Collected data entries:
-------
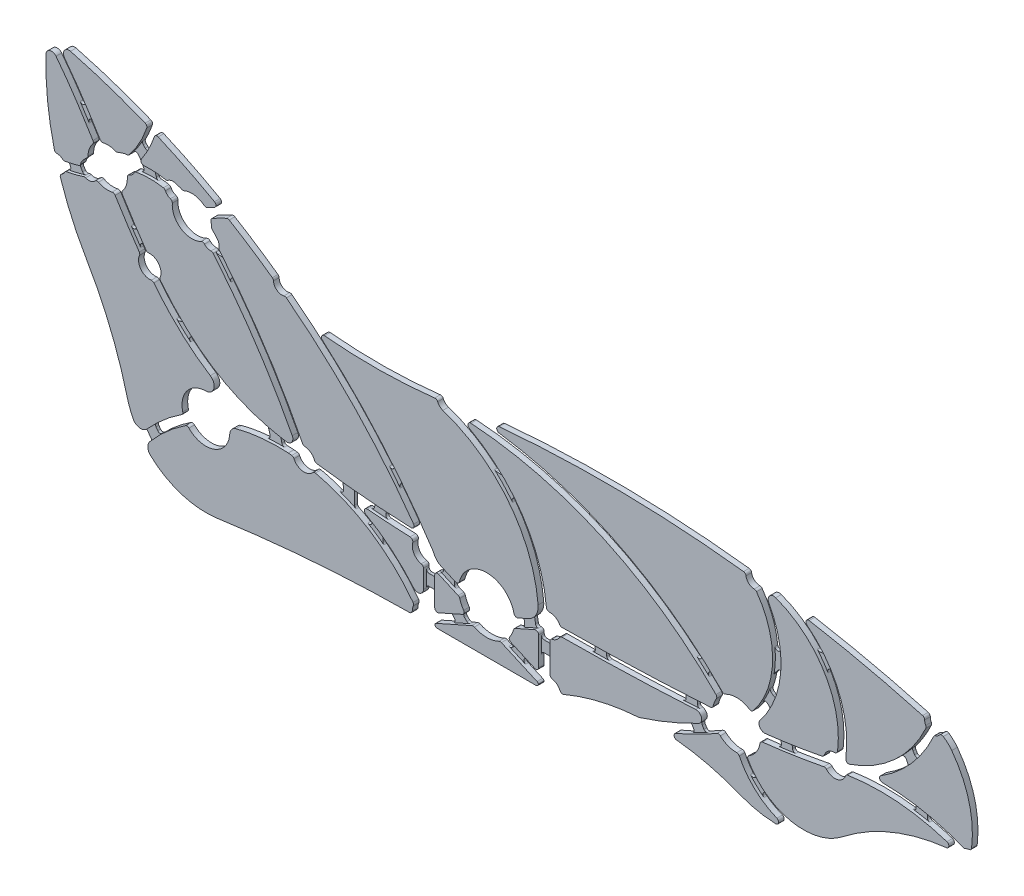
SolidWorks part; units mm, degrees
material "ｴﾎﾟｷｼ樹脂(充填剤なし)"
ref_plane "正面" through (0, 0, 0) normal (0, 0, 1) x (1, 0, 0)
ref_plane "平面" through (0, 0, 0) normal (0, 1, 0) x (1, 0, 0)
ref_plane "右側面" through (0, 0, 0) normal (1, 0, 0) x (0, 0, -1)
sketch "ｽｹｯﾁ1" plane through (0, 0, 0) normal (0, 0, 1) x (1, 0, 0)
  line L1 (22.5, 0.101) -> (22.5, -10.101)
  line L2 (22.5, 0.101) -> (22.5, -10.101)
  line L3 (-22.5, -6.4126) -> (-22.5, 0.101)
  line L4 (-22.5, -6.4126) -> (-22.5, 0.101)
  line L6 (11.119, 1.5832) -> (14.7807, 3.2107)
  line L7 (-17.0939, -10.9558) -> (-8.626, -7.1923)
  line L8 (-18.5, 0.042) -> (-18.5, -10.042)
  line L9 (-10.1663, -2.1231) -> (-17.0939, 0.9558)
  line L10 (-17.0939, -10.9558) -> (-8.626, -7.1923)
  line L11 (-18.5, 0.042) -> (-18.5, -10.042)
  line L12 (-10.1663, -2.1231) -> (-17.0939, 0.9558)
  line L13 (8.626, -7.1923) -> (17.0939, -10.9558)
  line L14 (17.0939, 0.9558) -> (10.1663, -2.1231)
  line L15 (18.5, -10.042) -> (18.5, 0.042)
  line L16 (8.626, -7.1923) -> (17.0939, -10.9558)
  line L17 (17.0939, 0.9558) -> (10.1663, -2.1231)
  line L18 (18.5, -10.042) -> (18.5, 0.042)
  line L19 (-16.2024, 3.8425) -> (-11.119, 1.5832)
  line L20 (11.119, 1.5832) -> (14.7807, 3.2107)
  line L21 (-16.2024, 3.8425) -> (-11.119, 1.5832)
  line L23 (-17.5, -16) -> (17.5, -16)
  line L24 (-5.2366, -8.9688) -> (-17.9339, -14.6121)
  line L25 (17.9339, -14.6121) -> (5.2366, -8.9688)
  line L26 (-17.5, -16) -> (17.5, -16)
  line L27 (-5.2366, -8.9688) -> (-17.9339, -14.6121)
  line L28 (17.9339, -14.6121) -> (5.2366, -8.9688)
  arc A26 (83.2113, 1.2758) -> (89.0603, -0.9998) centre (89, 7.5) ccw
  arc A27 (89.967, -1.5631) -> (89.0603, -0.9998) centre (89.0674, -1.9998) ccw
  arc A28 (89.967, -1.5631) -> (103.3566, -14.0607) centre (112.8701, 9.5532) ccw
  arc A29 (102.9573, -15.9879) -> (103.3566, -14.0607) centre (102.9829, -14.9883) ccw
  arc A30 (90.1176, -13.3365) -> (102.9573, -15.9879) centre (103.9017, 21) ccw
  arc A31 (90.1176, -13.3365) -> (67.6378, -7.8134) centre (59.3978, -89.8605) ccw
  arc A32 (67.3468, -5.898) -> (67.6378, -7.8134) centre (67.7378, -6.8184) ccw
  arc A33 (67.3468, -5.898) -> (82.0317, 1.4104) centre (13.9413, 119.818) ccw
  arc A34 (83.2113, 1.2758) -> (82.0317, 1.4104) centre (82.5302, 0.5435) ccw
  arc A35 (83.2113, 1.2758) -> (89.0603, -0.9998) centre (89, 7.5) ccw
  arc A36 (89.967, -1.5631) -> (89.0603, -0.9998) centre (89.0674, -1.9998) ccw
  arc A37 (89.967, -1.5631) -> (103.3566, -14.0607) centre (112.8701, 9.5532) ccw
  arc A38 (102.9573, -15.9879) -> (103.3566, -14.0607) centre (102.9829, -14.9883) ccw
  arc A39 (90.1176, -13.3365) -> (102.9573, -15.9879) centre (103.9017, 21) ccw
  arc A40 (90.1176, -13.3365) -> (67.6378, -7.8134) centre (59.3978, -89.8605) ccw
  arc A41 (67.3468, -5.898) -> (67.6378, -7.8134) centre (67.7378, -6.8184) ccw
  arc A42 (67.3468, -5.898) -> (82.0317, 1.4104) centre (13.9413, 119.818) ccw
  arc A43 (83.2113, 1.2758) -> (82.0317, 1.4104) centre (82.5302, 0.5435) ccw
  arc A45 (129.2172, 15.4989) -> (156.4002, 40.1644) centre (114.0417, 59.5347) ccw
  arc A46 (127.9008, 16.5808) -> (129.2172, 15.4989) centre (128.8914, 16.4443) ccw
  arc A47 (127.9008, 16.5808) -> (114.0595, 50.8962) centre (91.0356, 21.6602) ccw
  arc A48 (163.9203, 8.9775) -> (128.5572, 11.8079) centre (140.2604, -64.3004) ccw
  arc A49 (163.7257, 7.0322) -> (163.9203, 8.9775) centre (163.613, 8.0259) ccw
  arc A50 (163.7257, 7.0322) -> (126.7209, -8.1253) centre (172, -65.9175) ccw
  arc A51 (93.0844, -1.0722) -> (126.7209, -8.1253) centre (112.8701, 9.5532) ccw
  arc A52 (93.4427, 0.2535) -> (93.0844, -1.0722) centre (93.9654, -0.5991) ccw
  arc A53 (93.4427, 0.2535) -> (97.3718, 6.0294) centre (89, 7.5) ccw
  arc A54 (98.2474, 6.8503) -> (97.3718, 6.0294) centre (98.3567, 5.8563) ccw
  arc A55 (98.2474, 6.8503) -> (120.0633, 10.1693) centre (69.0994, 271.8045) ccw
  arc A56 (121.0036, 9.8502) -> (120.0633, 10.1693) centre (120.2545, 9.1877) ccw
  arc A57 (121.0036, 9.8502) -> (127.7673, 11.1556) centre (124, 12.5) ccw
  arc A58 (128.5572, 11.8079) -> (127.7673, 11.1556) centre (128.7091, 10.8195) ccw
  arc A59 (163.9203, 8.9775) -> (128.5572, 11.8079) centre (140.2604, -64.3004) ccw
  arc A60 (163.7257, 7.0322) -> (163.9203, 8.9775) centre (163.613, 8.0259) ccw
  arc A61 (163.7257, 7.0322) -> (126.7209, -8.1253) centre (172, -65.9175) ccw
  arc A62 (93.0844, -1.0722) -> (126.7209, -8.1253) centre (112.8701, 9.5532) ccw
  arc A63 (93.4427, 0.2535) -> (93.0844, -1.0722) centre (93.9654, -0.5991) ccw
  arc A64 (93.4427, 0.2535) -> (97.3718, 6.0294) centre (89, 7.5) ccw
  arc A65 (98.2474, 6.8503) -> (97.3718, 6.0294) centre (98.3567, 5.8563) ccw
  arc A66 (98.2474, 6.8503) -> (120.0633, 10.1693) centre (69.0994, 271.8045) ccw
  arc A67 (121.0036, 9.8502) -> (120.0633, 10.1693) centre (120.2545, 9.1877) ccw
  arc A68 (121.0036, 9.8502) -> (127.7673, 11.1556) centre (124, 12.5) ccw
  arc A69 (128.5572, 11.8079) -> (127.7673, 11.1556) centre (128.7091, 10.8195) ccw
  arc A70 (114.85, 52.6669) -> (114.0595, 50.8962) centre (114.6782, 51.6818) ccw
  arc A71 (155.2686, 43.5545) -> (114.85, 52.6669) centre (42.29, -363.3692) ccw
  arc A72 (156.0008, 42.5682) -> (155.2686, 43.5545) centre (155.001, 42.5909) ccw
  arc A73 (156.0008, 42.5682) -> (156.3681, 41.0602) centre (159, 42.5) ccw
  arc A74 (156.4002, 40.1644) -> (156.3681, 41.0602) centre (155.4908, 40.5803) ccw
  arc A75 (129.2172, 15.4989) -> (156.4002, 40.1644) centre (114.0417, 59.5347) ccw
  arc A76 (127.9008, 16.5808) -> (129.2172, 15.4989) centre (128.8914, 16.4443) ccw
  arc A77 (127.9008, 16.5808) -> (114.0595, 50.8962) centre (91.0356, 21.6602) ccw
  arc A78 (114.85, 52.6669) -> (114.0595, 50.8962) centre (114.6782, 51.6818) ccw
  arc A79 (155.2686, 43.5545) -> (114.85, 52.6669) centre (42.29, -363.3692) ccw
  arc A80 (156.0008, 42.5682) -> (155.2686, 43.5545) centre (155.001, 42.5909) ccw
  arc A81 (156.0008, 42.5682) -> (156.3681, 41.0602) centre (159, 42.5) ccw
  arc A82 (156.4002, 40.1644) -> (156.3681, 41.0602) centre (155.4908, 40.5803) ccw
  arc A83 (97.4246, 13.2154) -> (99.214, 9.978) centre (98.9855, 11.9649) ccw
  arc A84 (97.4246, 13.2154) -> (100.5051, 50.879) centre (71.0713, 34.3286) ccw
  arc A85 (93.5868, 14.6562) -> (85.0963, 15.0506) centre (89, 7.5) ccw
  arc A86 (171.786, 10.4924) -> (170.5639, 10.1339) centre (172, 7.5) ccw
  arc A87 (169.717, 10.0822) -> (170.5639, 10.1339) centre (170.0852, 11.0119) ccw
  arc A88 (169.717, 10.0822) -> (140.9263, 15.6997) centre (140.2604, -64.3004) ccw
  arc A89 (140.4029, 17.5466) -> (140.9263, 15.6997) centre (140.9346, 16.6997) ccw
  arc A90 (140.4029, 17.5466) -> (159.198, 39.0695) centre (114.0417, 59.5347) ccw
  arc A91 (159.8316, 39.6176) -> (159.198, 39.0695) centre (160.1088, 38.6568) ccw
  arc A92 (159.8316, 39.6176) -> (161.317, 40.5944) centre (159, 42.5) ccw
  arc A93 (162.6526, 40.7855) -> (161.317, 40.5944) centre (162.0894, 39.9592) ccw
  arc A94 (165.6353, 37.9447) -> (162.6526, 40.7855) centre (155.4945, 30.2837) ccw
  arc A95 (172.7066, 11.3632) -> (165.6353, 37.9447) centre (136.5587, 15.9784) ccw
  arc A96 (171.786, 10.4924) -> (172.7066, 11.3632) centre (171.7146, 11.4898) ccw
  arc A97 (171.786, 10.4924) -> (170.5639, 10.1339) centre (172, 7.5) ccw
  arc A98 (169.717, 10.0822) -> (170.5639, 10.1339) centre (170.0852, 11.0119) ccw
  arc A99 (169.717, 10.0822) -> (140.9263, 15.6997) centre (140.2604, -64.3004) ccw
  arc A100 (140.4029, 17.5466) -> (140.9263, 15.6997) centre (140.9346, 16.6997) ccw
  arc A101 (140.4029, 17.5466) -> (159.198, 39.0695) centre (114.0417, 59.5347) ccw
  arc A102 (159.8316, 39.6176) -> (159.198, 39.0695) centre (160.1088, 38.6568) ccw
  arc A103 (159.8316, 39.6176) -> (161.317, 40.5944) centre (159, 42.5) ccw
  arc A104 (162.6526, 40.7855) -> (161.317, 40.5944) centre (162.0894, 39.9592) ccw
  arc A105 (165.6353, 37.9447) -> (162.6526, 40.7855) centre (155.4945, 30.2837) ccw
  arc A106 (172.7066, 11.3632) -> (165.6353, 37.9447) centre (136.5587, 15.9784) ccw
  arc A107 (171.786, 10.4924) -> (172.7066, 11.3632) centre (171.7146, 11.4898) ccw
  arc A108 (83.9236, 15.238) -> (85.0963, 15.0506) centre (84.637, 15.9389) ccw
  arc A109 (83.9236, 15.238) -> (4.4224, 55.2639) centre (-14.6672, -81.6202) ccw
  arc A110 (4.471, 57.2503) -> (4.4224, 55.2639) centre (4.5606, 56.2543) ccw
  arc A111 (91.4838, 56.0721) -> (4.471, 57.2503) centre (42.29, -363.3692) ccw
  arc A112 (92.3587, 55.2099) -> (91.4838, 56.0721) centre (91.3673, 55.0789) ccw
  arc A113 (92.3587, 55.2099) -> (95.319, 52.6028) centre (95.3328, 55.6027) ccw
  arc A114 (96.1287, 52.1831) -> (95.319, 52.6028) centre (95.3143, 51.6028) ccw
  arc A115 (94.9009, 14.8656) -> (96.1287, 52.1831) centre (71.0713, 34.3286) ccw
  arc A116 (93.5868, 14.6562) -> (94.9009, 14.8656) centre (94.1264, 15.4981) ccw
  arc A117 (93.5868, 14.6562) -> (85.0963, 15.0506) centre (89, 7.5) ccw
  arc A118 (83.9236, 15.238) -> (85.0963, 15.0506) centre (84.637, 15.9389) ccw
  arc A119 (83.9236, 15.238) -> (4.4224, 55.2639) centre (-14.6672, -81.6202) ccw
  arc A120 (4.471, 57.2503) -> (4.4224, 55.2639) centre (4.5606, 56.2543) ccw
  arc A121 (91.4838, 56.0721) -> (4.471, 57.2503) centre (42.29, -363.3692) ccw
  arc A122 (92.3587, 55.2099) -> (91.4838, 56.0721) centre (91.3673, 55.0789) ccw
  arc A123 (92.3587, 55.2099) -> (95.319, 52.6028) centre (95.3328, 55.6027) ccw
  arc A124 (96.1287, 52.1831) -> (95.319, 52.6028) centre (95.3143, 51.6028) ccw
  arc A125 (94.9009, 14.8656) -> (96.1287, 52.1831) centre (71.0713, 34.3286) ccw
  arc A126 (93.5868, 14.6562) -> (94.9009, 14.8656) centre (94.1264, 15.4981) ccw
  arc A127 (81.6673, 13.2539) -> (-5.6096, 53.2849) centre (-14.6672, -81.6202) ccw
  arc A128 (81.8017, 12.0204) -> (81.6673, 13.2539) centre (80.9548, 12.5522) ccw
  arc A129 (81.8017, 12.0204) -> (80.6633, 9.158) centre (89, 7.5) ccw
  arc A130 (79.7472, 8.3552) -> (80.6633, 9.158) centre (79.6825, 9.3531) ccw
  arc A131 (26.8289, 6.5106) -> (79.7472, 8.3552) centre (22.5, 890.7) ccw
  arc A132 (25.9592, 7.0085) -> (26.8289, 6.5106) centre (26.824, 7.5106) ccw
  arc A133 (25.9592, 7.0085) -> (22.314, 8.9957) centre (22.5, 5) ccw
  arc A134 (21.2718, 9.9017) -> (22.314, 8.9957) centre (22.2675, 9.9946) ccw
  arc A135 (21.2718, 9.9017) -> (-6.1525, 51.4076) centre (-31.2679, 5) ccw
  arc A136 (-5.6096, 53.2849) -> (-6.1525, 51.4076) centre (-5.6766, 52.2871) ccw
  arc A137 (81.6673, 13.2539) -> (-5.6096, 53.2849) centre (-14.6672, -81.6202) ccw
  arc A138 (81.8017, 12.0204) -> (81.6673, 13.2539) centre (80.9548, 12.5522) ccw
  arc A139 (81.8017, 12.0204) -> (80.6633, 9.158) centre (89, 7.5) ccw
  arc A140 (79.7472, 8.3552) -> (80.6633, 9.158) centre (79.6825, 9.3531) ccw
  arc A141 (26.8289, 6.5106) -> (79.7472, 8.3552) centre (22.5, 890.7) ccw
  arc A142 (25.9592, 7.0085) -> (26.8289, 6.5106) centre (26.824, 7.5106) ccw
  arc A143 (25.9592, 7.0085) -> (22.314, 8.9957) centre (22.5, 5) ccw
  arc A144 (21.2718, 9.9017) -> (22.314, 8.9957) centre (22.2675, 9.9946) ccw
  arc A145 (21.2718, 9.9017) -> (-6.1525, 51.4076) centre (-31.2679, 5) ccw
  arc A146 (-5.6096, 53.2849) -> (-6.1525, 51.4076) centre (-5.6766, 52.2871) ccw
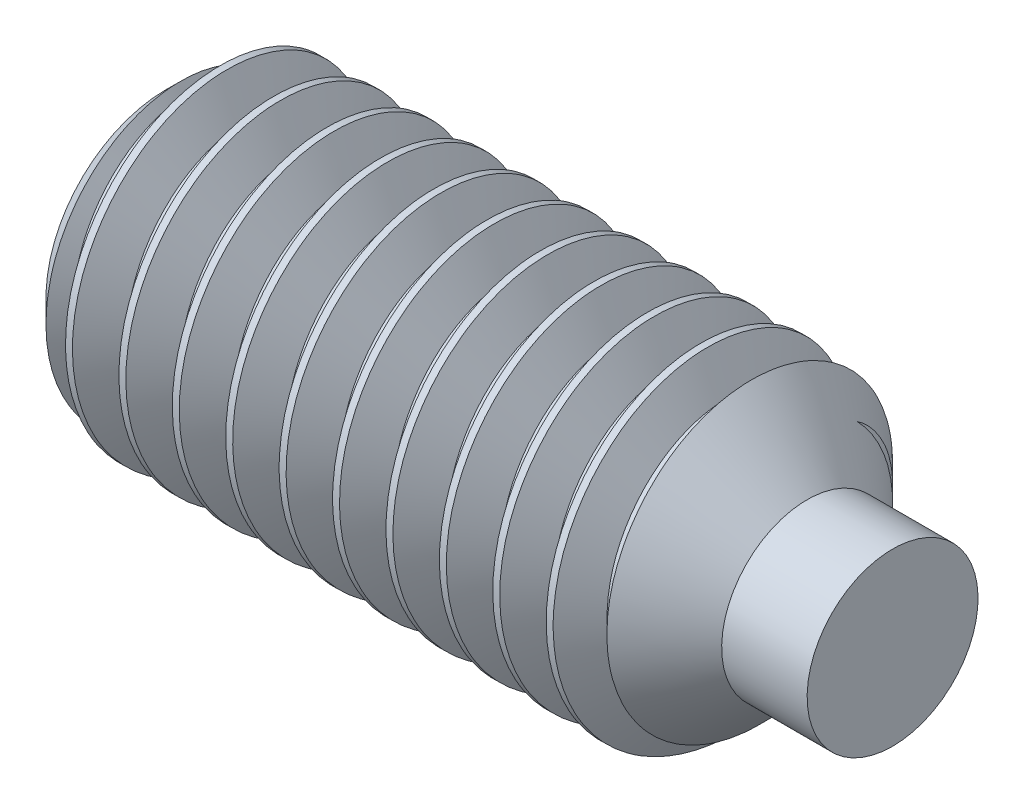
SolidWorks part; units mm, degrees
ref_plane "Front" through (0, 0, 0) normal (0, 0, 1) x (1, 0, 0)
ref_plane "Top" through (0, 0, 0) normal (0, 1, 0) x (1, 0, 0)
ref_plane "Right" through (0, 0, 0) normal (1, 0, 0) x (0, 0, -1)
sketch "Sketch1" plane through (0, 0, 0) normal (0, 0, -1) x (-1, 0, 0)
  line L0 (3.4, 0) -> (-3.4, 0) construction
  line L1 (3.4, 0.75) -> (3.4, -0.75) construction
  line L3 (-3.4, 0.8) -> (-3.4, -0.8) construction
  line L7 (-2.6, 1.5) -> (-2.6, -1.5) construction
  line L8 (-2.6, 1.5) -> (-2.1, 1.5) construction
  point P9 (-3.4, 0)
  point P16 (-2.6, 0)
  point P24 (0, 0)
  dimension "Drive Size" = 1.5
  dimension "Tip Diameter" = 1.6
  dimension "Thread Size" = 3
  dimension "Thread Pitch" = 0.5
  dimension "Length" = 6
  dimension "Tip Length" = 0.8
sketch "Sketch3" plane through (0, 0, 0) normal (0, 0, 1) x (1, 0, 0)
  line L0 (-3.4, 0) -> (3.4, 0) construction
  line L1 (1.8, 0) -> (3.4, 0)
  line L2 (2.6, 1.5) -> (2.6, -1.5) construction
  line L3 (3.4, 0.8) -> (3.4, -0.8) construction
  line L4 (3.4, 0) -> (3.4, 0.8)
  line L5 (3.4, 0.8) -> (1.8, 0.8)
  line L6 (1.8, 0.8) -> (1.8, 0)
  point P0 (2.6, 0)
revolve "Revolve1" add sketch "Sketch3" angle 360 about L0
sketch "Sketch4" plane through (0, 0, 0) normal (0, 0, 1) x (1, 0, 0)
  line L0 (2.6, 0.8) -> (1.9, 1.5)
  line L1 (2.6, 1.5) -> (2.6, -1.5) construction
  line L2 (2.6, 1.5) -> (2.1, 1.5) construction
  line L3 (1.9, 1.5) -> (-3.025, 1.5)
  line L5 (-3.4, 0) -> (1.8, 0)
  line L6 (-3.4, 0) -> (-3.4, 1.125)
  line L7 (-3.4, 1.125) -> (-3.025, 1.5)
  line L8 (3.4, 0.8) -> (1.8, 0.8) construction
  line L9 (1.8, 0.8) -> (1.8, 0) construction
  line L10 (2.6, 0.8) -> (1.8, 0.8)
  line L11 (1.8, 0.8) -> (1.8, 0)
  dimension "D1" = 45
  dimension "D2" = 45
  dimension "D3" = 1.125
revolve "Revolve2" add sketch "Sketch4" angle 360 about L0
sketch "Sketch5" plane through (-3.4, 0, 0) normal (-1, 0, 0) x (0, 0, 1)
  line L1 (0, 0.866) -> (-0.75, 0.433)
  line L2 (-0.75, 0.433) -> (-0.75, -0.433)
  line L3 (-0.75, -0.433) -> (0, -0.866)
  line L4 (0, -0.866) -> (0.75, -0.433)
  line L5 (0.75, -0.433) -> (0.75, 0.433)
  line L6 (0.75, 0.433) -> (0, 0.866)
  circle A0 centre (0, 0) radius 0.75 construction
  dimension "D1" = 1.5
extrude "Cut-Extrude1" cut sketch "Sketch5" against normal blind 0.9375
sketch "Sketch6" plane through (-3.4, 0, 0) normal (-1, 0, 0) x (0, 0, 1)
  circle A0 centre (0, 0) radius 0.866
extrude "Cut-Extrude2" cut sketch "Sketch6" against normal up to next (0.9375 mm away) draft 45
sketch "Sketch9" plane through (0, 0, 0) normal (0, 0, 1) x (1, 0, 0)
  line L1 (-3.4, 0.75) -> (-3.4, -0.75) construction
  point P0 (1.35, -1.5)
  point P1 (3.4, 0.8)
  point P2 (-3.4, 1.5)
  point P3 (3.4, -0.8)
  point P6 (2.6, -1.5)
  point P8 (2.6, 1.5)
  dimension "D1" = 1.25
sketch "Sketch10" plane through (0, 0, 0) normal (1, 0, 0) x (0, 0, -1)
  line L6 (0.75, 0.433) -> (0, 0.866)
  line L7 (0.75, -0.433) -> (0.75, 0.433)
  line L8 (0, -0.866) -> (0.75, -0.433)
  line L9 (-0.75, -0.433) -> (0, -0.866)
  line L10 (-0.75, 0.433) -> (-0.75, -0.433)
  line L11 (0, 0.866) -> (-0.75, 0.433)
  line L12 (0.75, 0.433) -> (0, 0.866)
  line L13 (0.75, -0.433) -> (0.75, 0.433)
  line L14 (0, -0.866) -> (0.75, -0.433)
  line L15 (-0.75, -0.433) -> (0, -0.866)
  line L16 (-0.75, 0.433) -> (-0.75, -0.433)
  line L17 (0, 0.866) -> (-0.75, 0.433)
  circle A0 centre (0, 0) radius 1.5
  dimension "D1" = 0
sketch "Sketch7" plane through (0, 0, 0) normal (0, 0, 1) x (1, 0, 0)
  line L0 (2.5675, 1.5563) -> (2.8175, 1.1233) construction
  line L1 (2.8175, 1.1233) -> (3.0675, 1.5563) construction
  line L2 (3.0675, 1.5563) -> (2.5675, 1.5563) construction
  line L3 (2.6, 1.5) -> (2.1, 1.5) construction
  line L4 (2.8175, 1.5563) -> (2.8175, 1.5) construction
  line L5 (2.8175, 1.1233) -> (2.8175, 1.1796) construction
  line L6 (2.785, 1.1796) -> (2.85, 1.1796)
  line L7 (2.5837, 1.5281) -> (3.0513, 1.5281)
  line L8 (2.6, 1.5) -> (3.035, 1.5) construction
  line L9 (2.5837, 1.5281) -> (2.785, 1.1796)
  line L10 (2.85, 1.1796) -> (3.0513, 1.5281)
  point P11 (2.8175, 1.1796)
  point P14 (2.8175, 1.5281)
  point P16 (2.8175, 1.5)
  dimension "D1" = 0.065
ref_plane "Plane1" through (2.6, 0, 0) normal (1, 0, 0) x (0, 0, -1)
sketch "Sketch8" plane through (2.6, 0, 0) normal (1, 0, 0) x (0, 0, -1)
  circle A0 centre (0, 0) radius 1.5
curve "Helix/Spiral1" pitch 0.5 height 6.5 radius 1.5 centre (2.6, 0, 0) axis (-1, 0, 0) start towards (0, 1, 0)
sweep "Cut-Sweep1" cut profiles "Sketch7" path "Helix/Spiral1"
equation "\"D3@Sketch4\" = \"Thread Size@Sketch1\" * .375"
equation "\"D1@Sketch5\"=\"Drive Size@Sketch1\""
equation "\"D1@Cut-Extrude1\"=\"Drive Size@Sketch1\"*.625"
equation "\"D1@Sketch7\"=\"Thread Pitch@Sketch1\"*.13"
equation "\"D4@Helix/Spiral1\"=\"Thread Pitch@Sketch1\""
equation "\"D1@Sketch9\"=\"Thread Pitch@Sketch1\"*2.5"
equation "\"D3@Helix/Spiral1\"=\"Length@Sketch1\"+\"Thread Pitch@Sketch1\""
-------
**The problem**.
Transcribe exactly each line of the records from the start up to and including the one with "line L1 (22.5, 0.101) -> (22.5, -10.101)", and leave out every picture.

**Reply to the exercise**.
SolidWorks part; units mm, degrees
material "ｴﾎﾟｷｼ樹脂(充填剤なし)"
ref_plane "正面" through (0, 0, 0) normal (0, 0, 1) x (1, 0, 0)
ref_plane "平面" through (0, 0, 0) normal (0, 1, 0) x (1, 0, 0)
ref_plane "右側面" through (0, 0, 0) normal (1, 0, 0) x (0, 0, -1)
sketch "ｽｹｯﾁ1" plane through (0, 0, 0) normal (0, 0, 1) x (1, 0, 0)
  line L1 (22.5, 0.101) -> (22.5, -10.101)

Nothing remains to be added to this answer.